I got the sample. It really looks very mirrored, but I don't think it's exactly the same item number product given above. I just told the guy I was looking for mirrored vinyl. 

Anyways, I'm going to test for heat by blowing it with my bolw dryer. What do you think?


----------



## D.S. Drifter (Jan 7, 2010)

the product i mentioned is (3M light enahancement film 3635-100) that # is the 3M product code. i wouldnt recomend other vynil products. they normaly wont stand up to heat & even though they have a mirrored finish dosent give them the reflective capacity your looking for. the 3M film has been formulated for the purpose of light reflection & has adhesives designed to handle high temps. as to the question about applying to plastic. the answer is yes, very well. it is actually applied to large sheets & then the whole thing heated & vacume formed. the 2 most common surfaces its applied to are alumanium & plastic, i have also used it directly on the wood interior of oak canopies. 
even when standard reflectors are used inside a hood or canopy some of the light reflects of the surface of the water and is lost inside the canopy. when this film is covering the inside the light is reflected right back. for a point of reference when used inside of a lighted sign 30% less lighting was needed to acheive the same brightness as the same unit without this film.
note: this film dosent have a silver finish as you might expect. it is kind of a pearl white. it will have a blue protective film over the surface that you remove after its installed.


----------



## Bunnie1978 (Sep 29, 2009)

But wouldn't a silver mirror type film be even better? I have the film that I got from the sign shop. I don't know exactly what it is, but it's really good. Not too difficult to work with and it's just basically a thin film that is mirrored. It's also reflective on the back, but less so. I've seen some aquariums with mirrored backgrounds, and I like the look of that, so I think I'm going to get another sheet long enough to do that for the aquarium I'm setting up now.


----------



## D.S. Drifter (Jan 7, 2010)

allthough the mirrored finish stuff you have would seem to have more reflective capability thats not the case. the other issues being the quality of the adhesive on the back, uv & heat resistence. the 3M product i mentioned has pigments formulated for its reflective quality, designed to hold up in higher temps & not to degrade under extended UV exposure.


----------



## taoyeah (Aug 8, 2007)

thanks.DO you have a picture of it?how much it cost?


----------



## niko (Jan 28, 2004)

Interesting information!

It will be helpful for the extreme thrifty types - lots of them in this hobby.

Question:
How does the 3M film compare to just painting the inside of the canopy or housing with white paint?

--Nikolay


----------



## Gibby (Aug 5, 2009)

niko said:


> Question:
> How does the 3M film compare to just painting the inside of the canopy or housing with white paint?
> 
> --Nikolay


Or covering the whole canopy with the 3M film?


----------



## Burks (May 25, 2006)

Cool idea!

Found some online (didn't look THAT hard). 48"x50yd roll, $1400. Wonder what companies charge for smaller pieces?


----------



## NonSequitur (Mar 25, 2010)

Digikey Canada has 11"x11" squares of their Vikuiti enhanced specular reflector film for $33.23 (my first post here, so I'm not sure of the rules of this forum, so I won't paste the link). 3m claims it's 98% reflective, but I haven't yet found data on it's heat tolerance (it's designed to be used to increase the efficiency of backlit lcd displays).

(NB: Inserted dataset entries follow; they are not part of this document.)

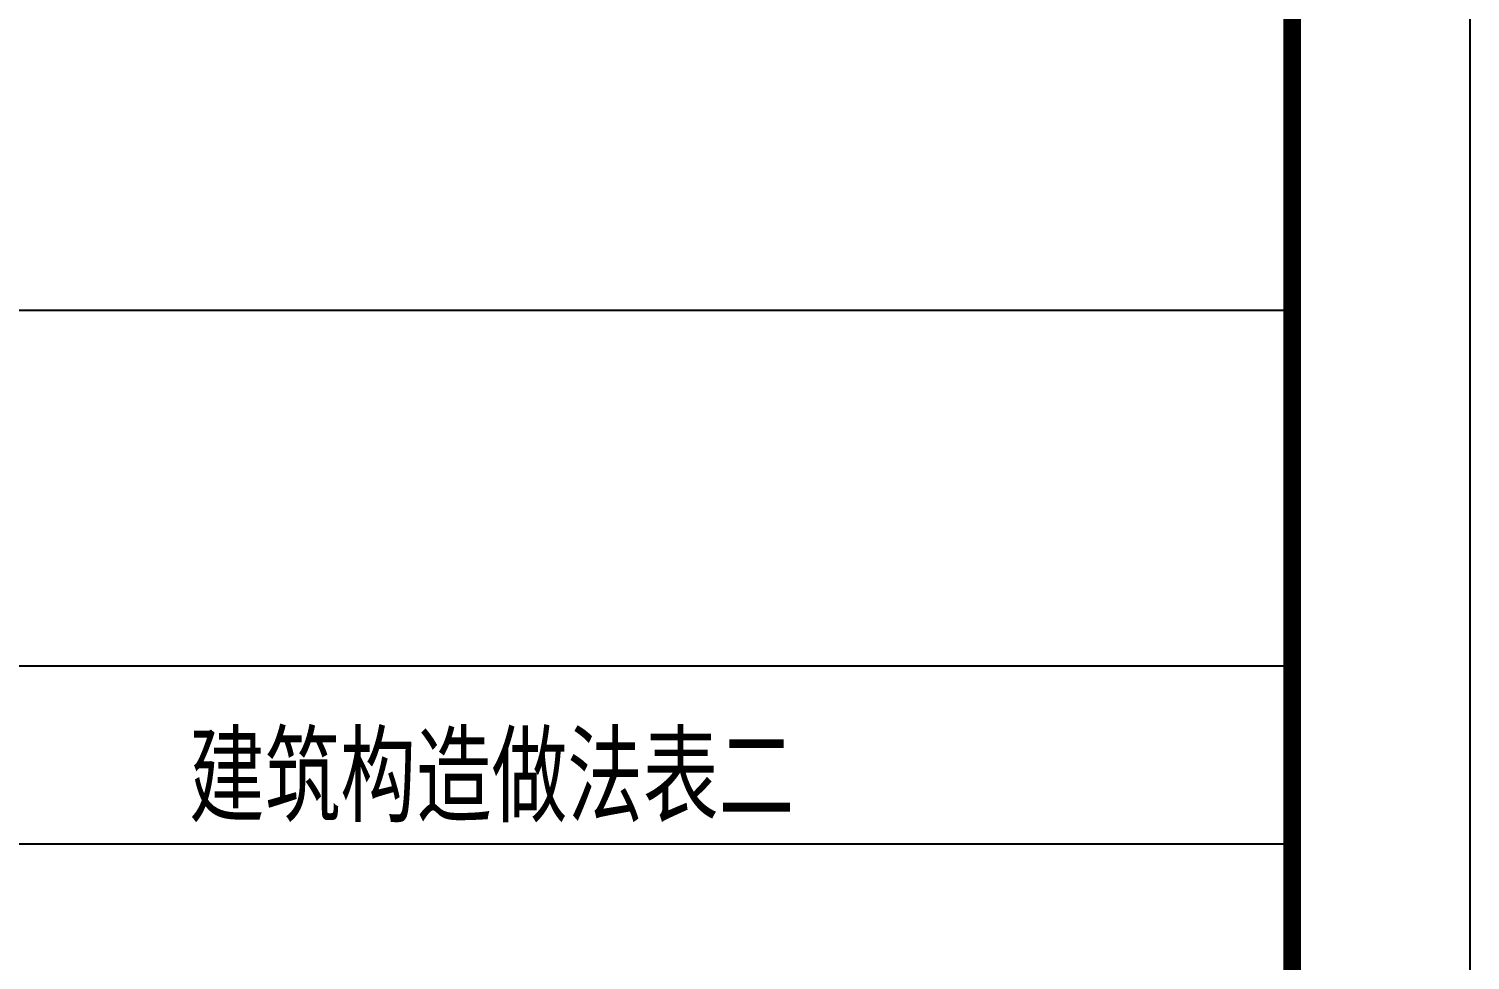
# Model space of a CAD drawing. Extents: x -446699 to 757189, y -606167 to -103070.
# Drawn here: x -303034 to -294935, y -466973 to -461740 of the extents above; entities that cross this region are included whole.
import ezdxf

# ---------------------------------------------------------------- set-up
doc = ezdxf.new("R2010")
doc.units = 0
doc.header["$LTSCALE"] = 1000
doc.header["$MEASUREMENT"] = 0
for name, color, linetype in [('13', 7, 'Continuous'), ('14', 14, 'Continuous'), ('PUB_TITLE', 4, 'Continuous')]:
    doc.layers.add(name, color=color, linetype=linetype)
doc.styles.add('_HZTXT', font='txt.shx', dxfattribs={"width": 0.8, "bigfont": 'HZTXT.shx'})

# ---------------------------------------------------------------- blocks, each defined once
blk = doc.blocks.new('YHYHHRR')
at = {"layer": '14', "color": 14}
for p, q in [((256880.6, 479249.5), (266880.6, 479249.5)), ((256880.6, 477249.5), (266880.6, 477249.5)), ((256880.6, 476249.5), (266880.6, 476249.5))]:
    blk.add_line(p, q, dxfattribs=at)

msp = doc.modelspace()

# ---------------------------------------------------------------- linework, layer by layer
at = {"layer": 'PUB_TITLE'}
msp.add_lwpolyline([(-354335.5, -482719.9), (-294935.5, -482719.9), (-294935.5, -440719.9), (-354335.5, -440719.9)], close=True, dxfattribs=at)
at = {"layer": 'PUB_TITLE', "const_width": 100}
msp.add_lwpolyline([(-351835.5, -481719.9), (-295935.5, -481719.9), (-295935.5, -441719.9), (-351835.5, -441719.9)], close=True, dxfattribs=at)

# ---------------------------------------------------------------- block references
msp.add_blockref('YHYHHRR', (-562821.1, -942569.4))

# ---------------------------------------------------------------- texts
at = {"layer": '13', "color": 7, "style": '_HZTXT', "width": 0.85}
msp.add_text('建筑构造做法表二', height=500, dxfattribs=at).set_placement((-302133.6, -466198))

doc.saveas('drawing.dxf')

I'll post more as I find it, but I'm thinking of ordering some to test it over my reef tank (won't need as much of it there as I would in the fixture for my planted tank).

They also carry the 3M BEF II and BEF III films.


----------



## Inkidu (Mar 29, 2010)

Hello all first post just getting back into having a planted discus

tank. Has anyone had any experience with Whiteoptics

http://whiteoptics.com/?page_id=12

Cost might be an issue also.

Hope this helps.


----------



## gwclark (May 10, 2010)

I found the exact film being discussed and it is available by the yard:

http://www.montroy.com/catalog/main/itemdetail.app?item_no=363510048

GW


----------